How to complete this task
Look through the data that follows and say how many of its lines contain "ezdxf", giving the number only.
[Entries supplied — start]
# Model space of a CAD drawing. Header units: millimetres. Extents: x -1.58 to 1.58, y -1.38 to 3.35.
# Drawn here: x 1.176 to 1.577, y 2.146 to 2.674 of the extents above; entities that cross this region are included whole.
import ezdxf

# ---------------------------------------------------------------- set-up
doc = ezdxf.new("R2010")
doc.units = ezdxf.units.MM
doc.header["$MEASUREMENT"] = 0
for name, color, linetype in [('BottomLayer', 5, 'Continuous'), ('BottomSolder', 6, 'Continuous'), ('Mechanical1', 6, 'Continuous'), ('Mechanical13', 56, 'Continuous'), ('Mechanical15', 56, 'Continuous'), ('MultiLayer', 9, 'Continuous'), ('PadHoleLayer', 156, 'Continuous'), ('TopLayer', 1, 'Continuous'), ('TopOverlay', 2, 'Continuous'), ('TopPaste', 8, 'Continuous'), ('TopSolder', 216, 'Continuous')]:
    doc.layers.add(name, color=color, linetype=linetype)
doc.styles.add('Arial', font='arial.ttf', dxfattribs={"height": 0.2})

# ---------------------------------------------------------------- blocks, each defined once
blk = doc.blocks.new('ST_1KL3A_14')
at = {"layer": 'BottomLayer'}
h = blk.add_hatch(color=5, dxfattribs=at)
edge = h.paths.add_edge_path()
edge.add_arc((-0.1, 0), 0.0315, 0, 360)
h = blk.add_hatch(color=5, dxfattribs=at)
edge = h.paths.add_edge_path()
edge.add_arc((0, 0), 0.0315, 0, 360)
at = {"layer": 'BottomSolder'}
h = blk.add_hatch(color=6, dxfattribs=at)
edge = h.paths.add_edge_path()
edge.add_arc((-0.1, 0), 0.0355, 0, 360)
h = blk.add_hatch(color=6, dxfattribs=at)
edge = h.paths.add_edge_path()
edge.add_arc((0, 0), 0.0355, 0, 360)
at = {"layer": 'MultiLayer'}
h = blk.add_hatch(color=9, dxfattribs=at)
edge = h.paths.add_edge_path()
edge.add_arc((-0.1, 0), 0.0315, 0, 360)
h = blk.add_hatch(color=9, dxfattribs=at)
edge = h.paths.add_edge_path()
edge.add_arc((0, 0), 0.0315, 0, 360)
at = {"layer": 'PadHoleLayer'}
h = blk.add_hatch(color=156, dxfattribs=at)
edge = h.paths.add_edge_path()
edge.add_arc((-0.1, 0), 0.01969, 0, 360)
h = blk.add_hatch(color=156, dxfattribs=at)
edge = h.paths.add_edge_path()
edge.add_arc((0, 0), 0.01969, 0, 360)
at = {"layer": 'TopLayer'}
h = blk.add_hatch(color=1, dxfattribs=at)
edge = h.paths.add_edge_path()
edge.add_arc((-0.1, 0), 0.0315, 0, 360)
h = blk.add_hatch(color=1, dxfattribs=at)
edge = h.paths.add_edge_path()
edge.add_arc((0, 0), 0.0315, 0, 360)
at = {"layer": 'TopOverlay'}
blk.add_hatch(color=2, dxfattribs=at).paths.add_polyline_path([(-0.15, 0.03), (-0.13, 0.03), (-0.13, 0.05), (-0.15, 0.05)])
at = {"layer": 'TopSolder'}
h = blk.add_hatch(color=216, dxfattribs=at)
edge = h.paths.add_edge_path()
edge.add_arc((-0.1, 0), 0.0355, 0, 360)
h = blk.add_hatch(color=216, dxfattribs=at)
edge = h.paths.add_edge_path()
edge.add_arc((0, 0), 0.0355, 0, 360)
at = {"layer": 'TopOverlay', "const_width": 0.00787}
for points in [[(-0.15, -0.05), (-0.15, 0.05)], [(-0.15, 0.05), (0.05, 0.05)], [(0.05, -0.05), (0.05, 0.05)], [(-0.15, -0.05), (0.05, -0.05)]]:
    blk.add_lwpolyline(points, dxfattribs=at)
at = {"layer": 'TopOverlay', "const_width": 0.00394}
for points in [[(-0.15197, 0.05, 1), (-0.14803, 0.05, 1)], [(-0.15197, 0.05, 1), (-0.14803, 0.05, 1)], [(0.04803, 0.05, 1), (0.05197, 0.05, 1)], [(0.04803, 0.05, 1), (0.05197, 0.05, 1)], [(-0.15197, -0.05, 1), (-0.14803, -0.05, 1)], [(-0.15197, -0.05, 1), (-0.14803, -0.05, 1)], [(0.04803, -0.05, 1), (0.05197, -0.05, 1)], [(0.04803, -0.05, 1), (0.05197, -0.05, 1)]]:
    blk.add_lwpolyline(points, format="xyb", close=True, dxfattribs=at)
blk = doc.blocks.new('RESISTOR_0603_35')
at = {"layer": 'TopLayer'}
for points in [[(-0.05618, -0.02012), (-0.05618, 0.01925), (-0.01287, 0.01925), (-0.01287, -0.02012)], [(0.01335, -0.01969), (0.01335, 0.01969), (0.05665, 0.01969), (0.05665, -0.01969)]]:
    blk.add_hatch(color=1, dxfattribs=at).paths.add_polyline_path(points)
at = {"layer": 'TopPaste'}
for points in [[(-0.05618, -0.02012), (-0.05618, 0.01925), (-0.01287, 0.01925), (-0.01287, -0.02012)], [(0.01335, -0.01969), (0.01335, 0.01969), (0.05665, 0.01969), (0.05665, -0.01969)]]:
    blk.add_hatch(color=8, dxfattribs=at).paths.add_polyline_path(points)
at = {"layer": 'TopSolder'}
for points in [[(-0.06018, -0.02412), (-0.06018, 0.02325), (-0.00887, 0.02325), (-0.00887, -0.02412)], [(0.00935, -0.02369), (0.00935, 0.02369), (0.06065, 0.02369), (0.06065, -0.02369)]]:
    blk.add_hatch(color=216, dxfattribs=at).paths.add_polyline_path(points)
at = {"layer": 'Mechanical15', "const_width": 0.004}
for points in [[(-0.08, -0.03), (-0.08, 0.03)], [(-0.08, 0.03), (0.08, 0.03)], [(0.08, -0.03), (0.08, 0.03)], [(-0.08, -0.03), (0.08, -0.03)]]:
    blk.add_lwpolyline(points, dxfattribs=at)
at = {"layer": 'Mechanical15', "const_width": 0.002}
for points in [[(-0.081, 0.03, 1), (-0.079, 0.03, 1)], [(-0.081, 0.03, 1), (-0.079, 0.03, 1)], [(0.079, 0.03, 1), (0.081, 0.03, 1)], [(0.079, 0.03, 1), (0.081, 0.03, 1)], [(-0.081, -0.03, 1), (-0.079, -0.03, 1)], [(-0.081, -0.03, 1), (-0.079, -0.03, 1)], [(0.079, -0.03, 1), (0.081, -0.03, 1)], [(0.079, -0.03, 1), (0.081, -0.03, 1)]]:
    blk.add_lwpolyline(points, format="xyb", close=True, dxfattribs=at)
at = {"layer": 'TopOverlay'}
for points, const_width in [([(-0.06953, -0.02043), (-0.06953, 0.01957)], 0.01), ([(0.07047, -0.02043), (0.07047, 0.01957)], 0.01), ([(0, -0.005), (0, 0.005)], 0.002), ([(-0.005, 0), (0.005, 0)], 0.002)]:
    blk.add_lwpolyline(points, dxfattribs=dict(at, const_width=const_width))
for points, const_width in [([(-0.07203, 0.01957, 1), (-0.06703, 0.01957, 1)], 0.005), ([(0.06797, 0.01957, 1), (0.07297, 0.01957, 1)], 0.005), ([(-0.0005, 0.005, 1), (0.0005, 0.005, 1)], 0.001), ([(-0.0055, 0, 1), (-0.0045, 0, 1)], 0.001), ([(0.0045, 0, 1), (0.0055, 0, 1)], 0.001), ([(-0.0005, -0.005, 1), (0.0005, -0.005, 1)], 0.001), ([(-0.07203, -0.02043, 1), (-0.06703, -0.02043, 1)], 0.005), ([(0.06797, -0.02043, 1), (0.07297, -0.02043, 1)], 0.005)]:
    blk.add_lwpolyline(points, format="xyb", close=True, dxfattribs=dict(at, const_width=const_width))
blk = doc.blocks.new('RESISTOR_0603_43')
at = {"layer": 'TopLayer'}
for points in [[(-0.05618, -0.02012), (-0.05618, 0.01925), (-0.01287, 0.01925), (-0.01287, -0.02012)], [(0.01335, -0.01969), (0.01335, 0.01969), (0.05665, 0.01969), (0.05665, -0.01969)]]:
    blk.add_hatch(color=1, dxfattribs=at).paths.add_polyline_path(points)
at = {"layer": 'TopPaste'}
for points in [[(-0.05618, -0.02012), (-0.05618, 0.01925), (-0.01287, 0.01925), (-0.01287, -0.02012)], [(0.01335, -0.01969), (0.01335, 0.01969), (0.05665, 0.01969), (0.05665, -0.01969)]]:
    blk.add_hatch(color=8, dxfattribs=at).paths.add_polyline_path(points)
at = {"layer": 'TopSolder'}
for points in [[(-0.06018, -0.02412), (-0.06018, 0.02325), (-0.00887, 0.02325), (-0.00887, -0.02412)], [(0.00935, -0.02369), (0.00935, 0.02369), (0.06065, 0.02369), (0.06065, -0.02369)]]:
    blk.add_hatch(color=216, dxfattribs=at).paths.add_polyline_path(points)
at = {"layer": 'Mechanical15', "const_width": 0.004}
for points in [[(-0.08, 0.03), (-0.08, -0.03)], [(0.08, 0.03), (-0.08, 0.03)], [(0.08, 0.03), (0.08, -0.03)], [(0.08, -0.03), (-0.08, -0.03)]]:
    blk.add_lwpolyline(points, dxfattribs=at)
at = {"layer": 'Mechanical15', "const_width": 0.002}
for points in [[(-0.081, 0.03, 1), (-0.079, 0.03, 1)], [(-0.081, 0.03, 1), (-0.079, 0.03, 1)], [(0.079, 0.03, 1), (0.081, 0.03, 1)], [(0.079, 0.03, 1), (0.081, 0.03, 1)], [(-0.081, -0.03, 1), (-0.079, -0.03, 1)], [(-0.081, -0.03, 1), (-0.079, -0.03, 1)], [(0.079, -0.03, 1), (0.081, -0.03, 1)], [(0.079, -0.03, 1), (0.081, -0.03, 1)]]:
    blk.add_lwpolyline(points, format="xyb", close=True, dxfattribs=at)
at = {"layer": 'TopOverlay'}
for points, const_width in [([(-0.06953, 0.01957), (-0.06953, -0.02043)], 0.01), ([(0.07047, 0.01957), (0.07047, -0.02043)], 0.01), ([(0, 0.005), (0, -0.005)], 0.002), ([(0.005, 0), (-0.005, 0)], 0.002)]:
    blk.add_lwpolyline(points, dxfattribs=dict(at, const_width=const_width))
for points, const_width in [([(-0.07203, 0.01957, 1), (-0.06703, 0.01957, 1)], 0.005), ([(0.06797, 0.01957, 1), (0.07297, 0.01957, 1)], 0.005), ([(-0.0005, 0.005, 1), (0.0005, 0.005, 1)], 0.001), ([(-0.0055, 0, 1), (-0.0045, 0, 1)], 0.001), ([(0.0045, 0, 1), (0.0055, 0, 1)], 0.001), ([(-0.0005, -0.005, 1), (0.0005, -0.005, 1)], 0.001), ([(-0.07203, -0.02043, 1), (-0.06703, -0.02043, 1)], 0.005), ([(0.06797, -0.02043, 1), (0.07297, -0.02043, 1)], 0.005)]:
[Entries supplied — finish]
Task output
3